**WHAT NEEDS TO BE DONE:** For the entries that follow, retype exactly the lines from the one containing "line L3 (237.8344, -12.7)" to the one containing "line L1 (11.1525, 5) -> (11.1525, 0)", inclusive, and only those. Images stay out of the copy.

- Opening Delimiter -

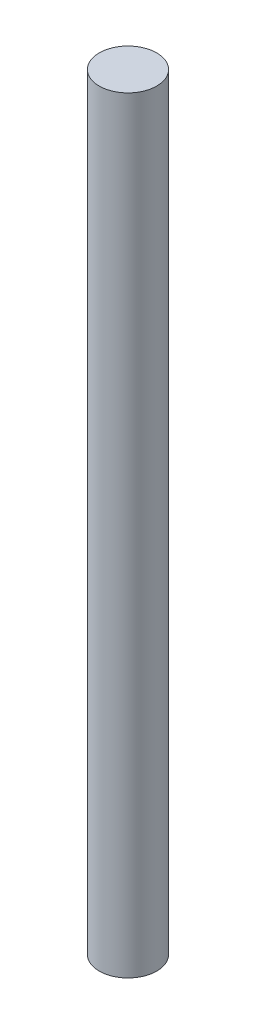
SolidWorks part; units mm, degrees
ref_plane "Front Plane" through (0, 0, 0) normal (0, 0, 1) x (1, 0, 0)
ref_plane "Top Plane" through (0, 0, 0) normal (0, 1, 0) x (1, 0, 0)
ref_plane "Right Plane" through (0, 0, 0) normal (1, 0, 0) x (0, 0, -1)
sketch "Sketch1" plane through (0, 0, 0) normal (0, 1, 0) x (1, 0, 0)
  circle A0 centre (0, 0) radius 1.905
  dimension "D1" = 3.81
extrude "Boss-Extrude1" add sketch "Sketch1" along normal blind 50.8
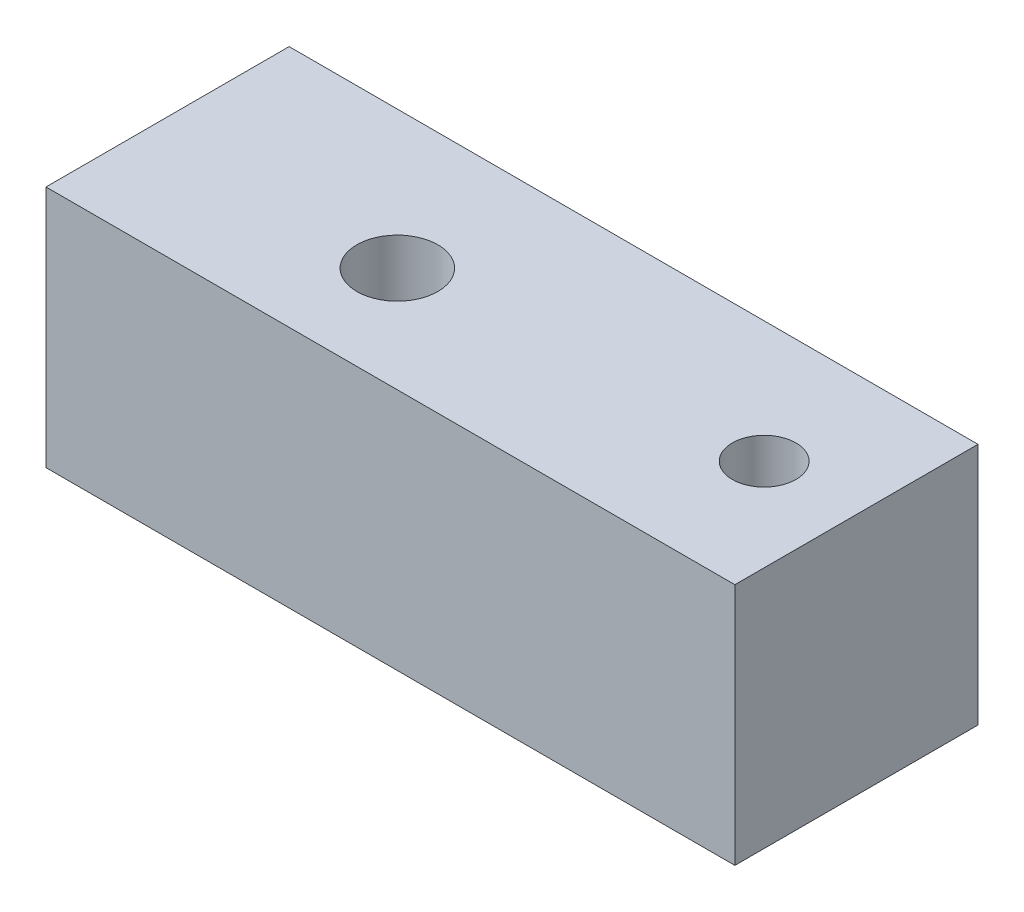
SolidWorks part; units mm, degrees
ref_plane "Front Plane" through (0, 0, 0) normal (0, 0, 1) x (1, 0, 0)
ref_plane "Top Plane" through (0, 0, 0) normal (0, 1, 0) x (1, 0, 0)
ref_plane "Right Plane" through (0, 0, 0) normal (1, 0, 0) x (0, 0, -1)
sketch "Sketch2" plane through (0, 0, 0) normal (0, 0, 1) x (1, 0, 0)
  line L1 (237.8344, -12.7) -> (183.8594, -12.7)
  line L2 (320.675, -12.7) -> (-320.675, -12.7) construction
  line L3 (237.8344, -12.7) -> (237.8344, 6.35)
  line L5 (237.8344, 6.35) -> (183.8594, 6.35)
  line L6 (183.8594, 6.35) -> (183.8594, -12.7)
  dimension "D1" = 53.975
extrude "Boss-Extrude1" add sketch "Sketch2" along normal blind 19.05
sketch "Sketch4" plane through (0, 6.35, 0) normal (0, 1, 0) x (1, 0, 0)
  point P0 (203.1334, -10.795)
hole_wizard "1/4 (0.25) Diameter Hole1" positions "Sketch7" profile "Sketch8" hole size "1/4" standard "ANSI Inch" end condition through all
sketch "Sketch7" plane through (0, 6.35, 0) normal (0, 1, 0) x (1, 0, 0)
  point P0 (203.1334, -10.795)
sketch "Sketch8" plane through (203.1334, 6.35, 10.795) normal (1, 0, 0) x (0, 0, 1)
  line L0 (0, 0) -> (0, 19.05)
  line L1 (0, 19.05) -> (3.175, 19.05)
  line L2 (3.175, 19.05) -> (3.175, 0)
  line L5 (3.175, 0) -> (0, 0)
  line L11 (0, -6.35) -> (0, 107.95) construction
  dimension "Thru Hole Dia." = 6.35
  dimension "Thru Hole Depth" = 19.05
hole_wizard "#10 Clearance Hole1" positions "Sketch9" profile "Sketch10" hole size "#10" standard "ANSI Inch" end condition through all
sketch "Sketch9" plane through (0, 6.35, 0) normal (0, 1, 0) x (1, 0, 0)
  point P0 (230.6024, -9.525)
sketch "Sketch10" plane through (230.6024, 6.35, 9.525) normal (1, 0, 0) x (0, 0, 1)
  line L0 (0, 0) -> (0, 19.05)
  line L1 (0, 19.05) -> (5.2197, 19.05)
  line L2 (2.4892, 15.9089) -> (2.4892, 0)
  line L5 (2.4892, 0) -> (0, 0)
  line L7 (5.2197, 19.05) -> (2.4892, 15.9089)
  line L8 (-5.2197, 19.05) -> (-2.4892, 15.9089) construction
  line L11 (0, -6.35) -> (0, 107.95) construction
  dimension "Thru Hole Dia." = 4.9784
  dimension "Thru Hole Depth" = 19.05
  dimension "Far C'Sink Dia." = 10.4394
  dimension "Far C'Sink Angle" = 82
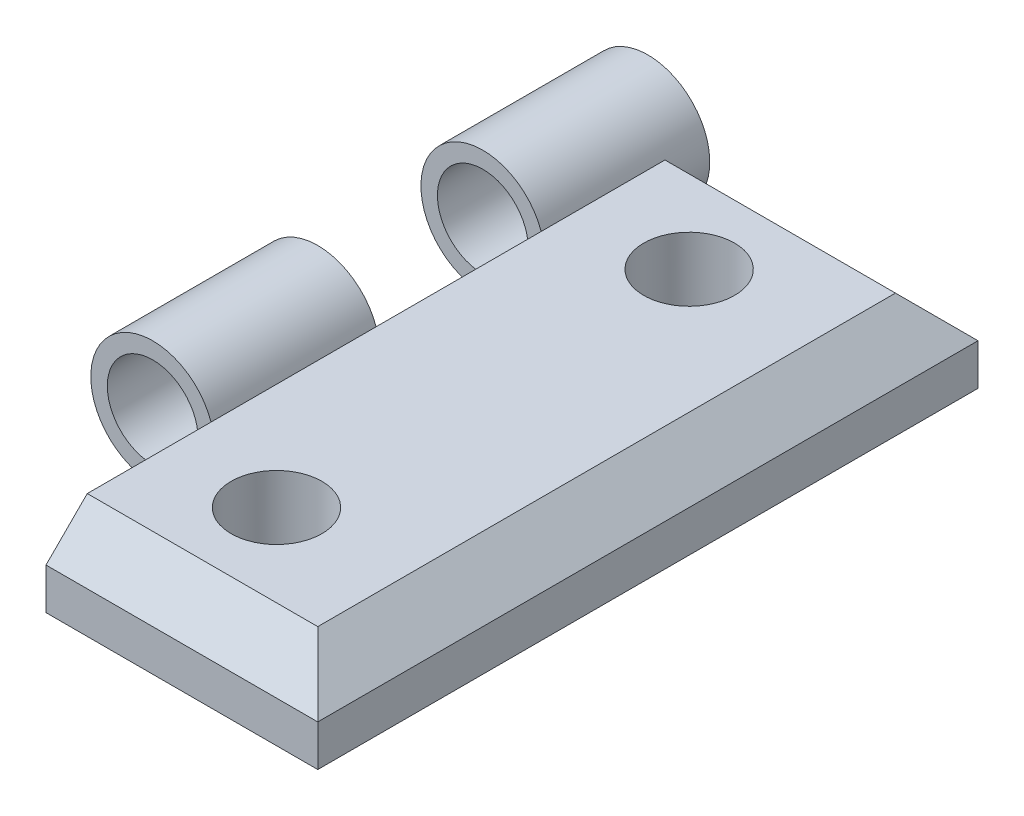
SolidWorks part; units mm, degrees
ref_plane "Ön Düzlem" through (0, 0, 0) normal (0, 0, 1) x (1, 0, 0)
ref_plane "Üst Düzlem" through (0, 0, 0) normal (0, 1, 0) x (1, 0, 0)
ref_plane "Sağ Düzlem" through (0, 0, 0) normal (1, 0, 0) x (0, 0, -1)
sketch "Çizim1" plane through (0, 0, 0) normal (0, 0, 1) x (1, 0, 0)
  line L0 (-4.5458, 5) -> (11.1525, 5)
  line L1 (11.1525, 5) -> (11.1525, 0)
  line L2 (11.1525, 0) -> (-8.8475, 0)
  line L4 (-5.312, 5) -> (-4.5458, 5)
  circle A0 centre (-8.8475, 3.75) radius 2.75
  arc A1 (-5.312, 5) -> (-8.8475, 0) centre (-8.8475, 3.75) ccw
  point P9 (3.9708, 3.75)
  point P10 (-8.8475, 3.75)
  dimension "D1" = 5.5
  dimension "D2" = 7.5
  dimension "D3" = 20
  dimension "D4" = 5
extrude "Yükseklik-Ekstrüzyon1" add sketch "Çizim1" along normal blind 40
sketch "Çizim2" plane through (0, 0, 0) normal (0, 1, 0) x (1, 0, 0)
  line L0 (11.1525, -40) -> (11.1525, 0) construction
  line L1 (11.1525, 0) -> (-5.312, 0) construction
  line L3 (-5.312, -40) -> (-12.5975, -40)
  line L4 (-12.5975, -40) -> (-12.5975, -30)
  line L5 (-12.5975, 0) -> (-12.5975, -40) construction
  line L6 (-12.5975, -30) -> (-5.312, -30)
  line L7 (-5.312, -40) -> (-5.312, 0) construction
  line L8 (-5.312, -30) -> (-5.312, -40)
  line L9 (-12.5975, -10) -> (-5.312, -10)
  line L10 (-5.312, -10) -> (-5.312, -20)
  line L11 (-5.312, -20) -> (-12.5975, -20)
  line L12 (-12.5975, -20) -> (-12.5975, -10)
  circle A0 centre (1.1525, -7.5) radius 2.75
  circle A1 centre (1.1525, -32.5) radius 2.75
  dimension "D1" = 5.5
  dimension "D2" = 5.5
  dimension "D3" = 7.5
  dimension "D4" = 25
  dimension "D5" = 10
  dimension "D6" = 10
  dimension "D7" = 10
  dimension "D8" = 10
  dimension "D9" = 10
extrude "Kes-Ekstrüzyon1" cut sketch "Çizim2" along normal blind 40
chamfer "Pah1" distance 2.5 3 edges at (2.9203, 5, 0) (11.1525, 5, 20) (2.9203, 5, 40)
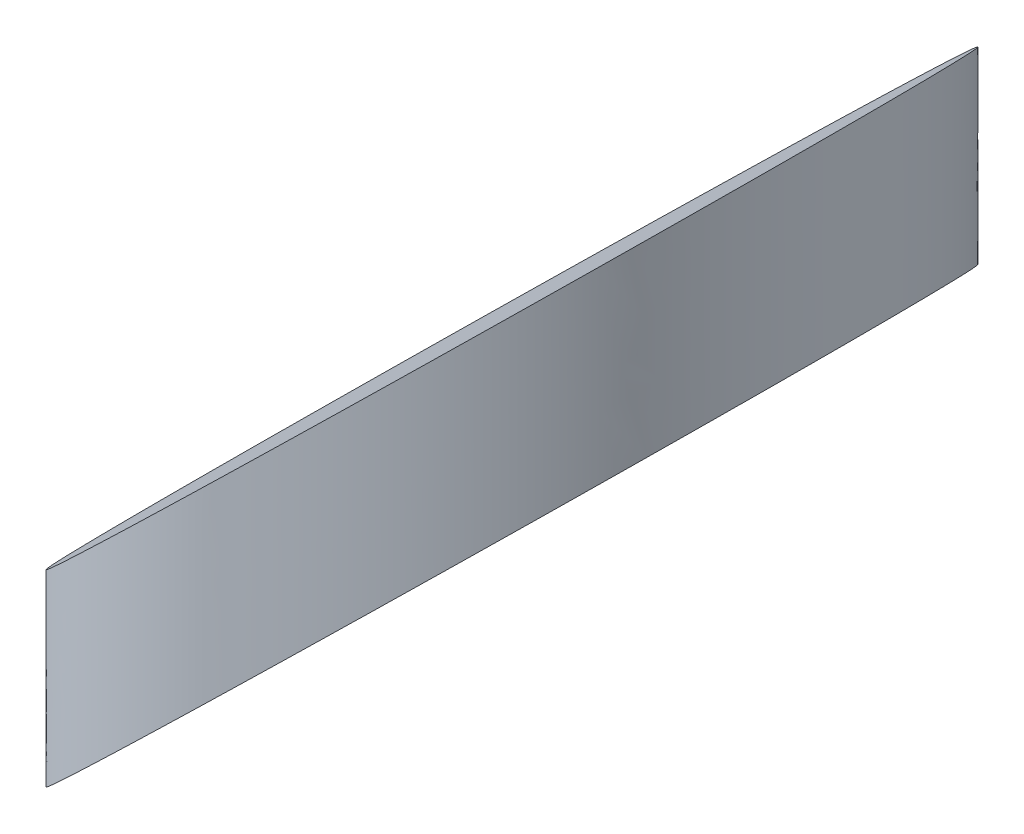
SolidWorks part; units mm, degrees
ref_plane "Спереди" through (0, 0, 0) normal (0, 0, 1) x (1, 0, 0)
ref_plane "Сверху" through (0, 0, 0) normal (0, 1, 0) x (1, 0, 0)
ref_plane "Справа" through (0, 0, 0) normal (1, 0, 0) x (0, 0, -1)
sketch "Эскиз3" plane through (0, 0, 0) normal (0, 1, 0) x (1, 0, 0)
  ellipse E0 centre (0, 0) end of major axis (17.5, 0) minor radius 17.5
  dimension "D1" = 35
  dimension "D2" = 35
extrude "Бобышка-Вытянуть2" add sketch "Эскиз3" along normal blind 44
sketch "Эскиз4" plane through (0, 0, 0) normal (0, 0, 1) x (1, 0, 0)
  line L0 (17.5, 44) -> (17.5, 34)
  line L1 (17.5, 0) -> (17.5, 44) construction
  line L2 (17.5, 34) -> (-17.5, 0)
  line L3 (-17.5, 0) -> (-17.5, 10)
  line L4 (-17.5, 44) -> (-17.5, 0) construction
  line L5 (-17.5, 10) -> (17.5, 44)
  line L6 (-17.5, 10) -> (-17.5, 44)
  line L7 (-17.5, 44) -> (17.5, 44)
  line L8 (17.5, 34) -> (17.5, 0)
  line L9 (17.5, 0) -> (-17.5, 0)
  dimension "D1" = 10
  dimension "D2" = 10
extrude "Вырез-Вытянуть2" cut sketch "Эскиз4" against normal through all and the other way through all contours L7 L6 L5 | L9 L8 L2
sketch "Эскиз5" plane through (-8.4964, 8.7463, 0) normal (0.6968, -0.7173, 0) x (0.7173, 0.6968, 0)
  line L0 (-12.5524, 0) -> (36.2431, 0) construction
  line L1 (11.8454, -17.5) -> (11.8454, 17.5) construction
  ellipse E0 centre (11.8454, 0) end of major axis (-12.5524, 0) minor radius 17.5 construction
sketch "Эскиз7" plane through (0, 0, 0) normal (0, 0, 1) x (1, 0, 0)
  line L0 (-17.5, 0) -> (0, 0) construction
sketch "Эскиз8" plane through (0, 0, 0) normal (0, 0, 1) x (1, 0, 0)
  line L2 (-17.5, 0) -> (17.5, 34) construction
  line L4 (-17.5, 0) -> (0, -0.2536) construction
  line L5 (0, 0) -> (0, -0.2536) construction
  line L6 (17.5, 34) -> (-17.5, 34) construction
  line L7 (-17.5, 34) -> (-17.5, 0) construction
  line L8 (0, 34) -> (0, 0) construction
  point P1 (0, 17)
  point P10 (0, 0)
  dimension "D1" = 45
  dimension "D2" = 17.2536

- Closing Delimiter -

**RESULT OF THIS TASK:**
  line L3 (237.8344, -12.7) -> (237.8344, 6.35)
  line L5 (237.8344, 6.35) -> (183.8594, 6.35)
  line L6 (183.8594, 6.35) -> (183.8594, -12.7)
  dimension "D1" = 53.975
extrude "Boss-Extrude1" add sketch "Sketch2" along normal blind 19.05
sketch "Sketch4" plane through (0, 6.35, 0) normal (0, 1, 0) x (1, 0, 0)
  point P0 (203.1334, -10.795)
hole_wizard "1/4 (0.25) Diameter Hole1" positions "Sketch7" profile "Sketch8" hole size "1/4" standard "ANSI Inch" end condition through all
sketch "Sketch7" plane through (0, 6.35, 0) normal (0, 1, 0) x (1, 0, 0)
  point P0 (203.1334, -10.795)
sketch "Sketch8" plane through (203.1334, 6.35, 10.795) normal (1, 0, 0) x (0, 0, 1)
  line L0 (0, 0) -> (0, 19.05)
  line L1 (0, 19.05) -> (3.175, 19.05)
  line L2 (3.175, 19.05) -> (3.175, 0)
  line L5 (3.175, 0) -> (0, 0)
  line L11 (0, -6.35) -> (0, 107.95) construction
  dimension "Thru Hole Dia." = 6.35
  dimension "Thru Hole Depth" = 19.05
hole_wizard "#10 Clearance Hole1" positions "Sketch9" profile "Sketch10" hole size "#10" standard "ANSI Inch" end condition through all
sketch "Sketch9" plane through (0, 6.35, 0) normal (0, 1, 0) x (1, 0, 0)
  point P0 (230.6024, -9.525)
sketch "Sketch10" plane through (230.6024, 6.35, 9.525) normal (1, 0, 0) x (0, 0, 1)
  line L0 (0, 0) -> (0, 19.05)
  line L1 (0, 19.05) -> (5.2197, 19.05)
  line L2 (2.4892, 15.9089) -> (2.4892, 0)
  line L5 (2.4892, 0) -> (0, 0)
  line L7 (5.2197, 19.05) -> (2.4892, 15.9089)
  line L8 (-5.2197, 19.05) -> (-2.4892, 15.9089) construction
  line L11 (0, -6.35) -> (0, 107.95) construction
  dimension "Thru Hole Dia." = 4.9784
  dimension "Thru Hole Depth" = 19.05
  dimension "Far C'Sink Dia." = 10.4394
  dimension "Far C'Sink Angle" = 82
SolidWorks part; units mm, degrees
ref_plane "Ön Düzlem" through (0, 0, 0) normal (0, 0, 1) x (1, 0, 0)
ref_plane "Üst Düzlem" through (0, 0, 0) normal (0, 1, 0) x (1, 0, 0)
ref_plane "Sağ Düzlem" through (0, 0, 0) normal (1, 0, 0) x (0, 0, -1)
sketch "Çizim1" plane through (0, 0, 0) normal (0, 0, 1) x (1, 0, 0)
  line L0 (-4.5458, 5) -> (11.1525, 5)
  line L1 (11.1525, 5) -> (11.1525, 0)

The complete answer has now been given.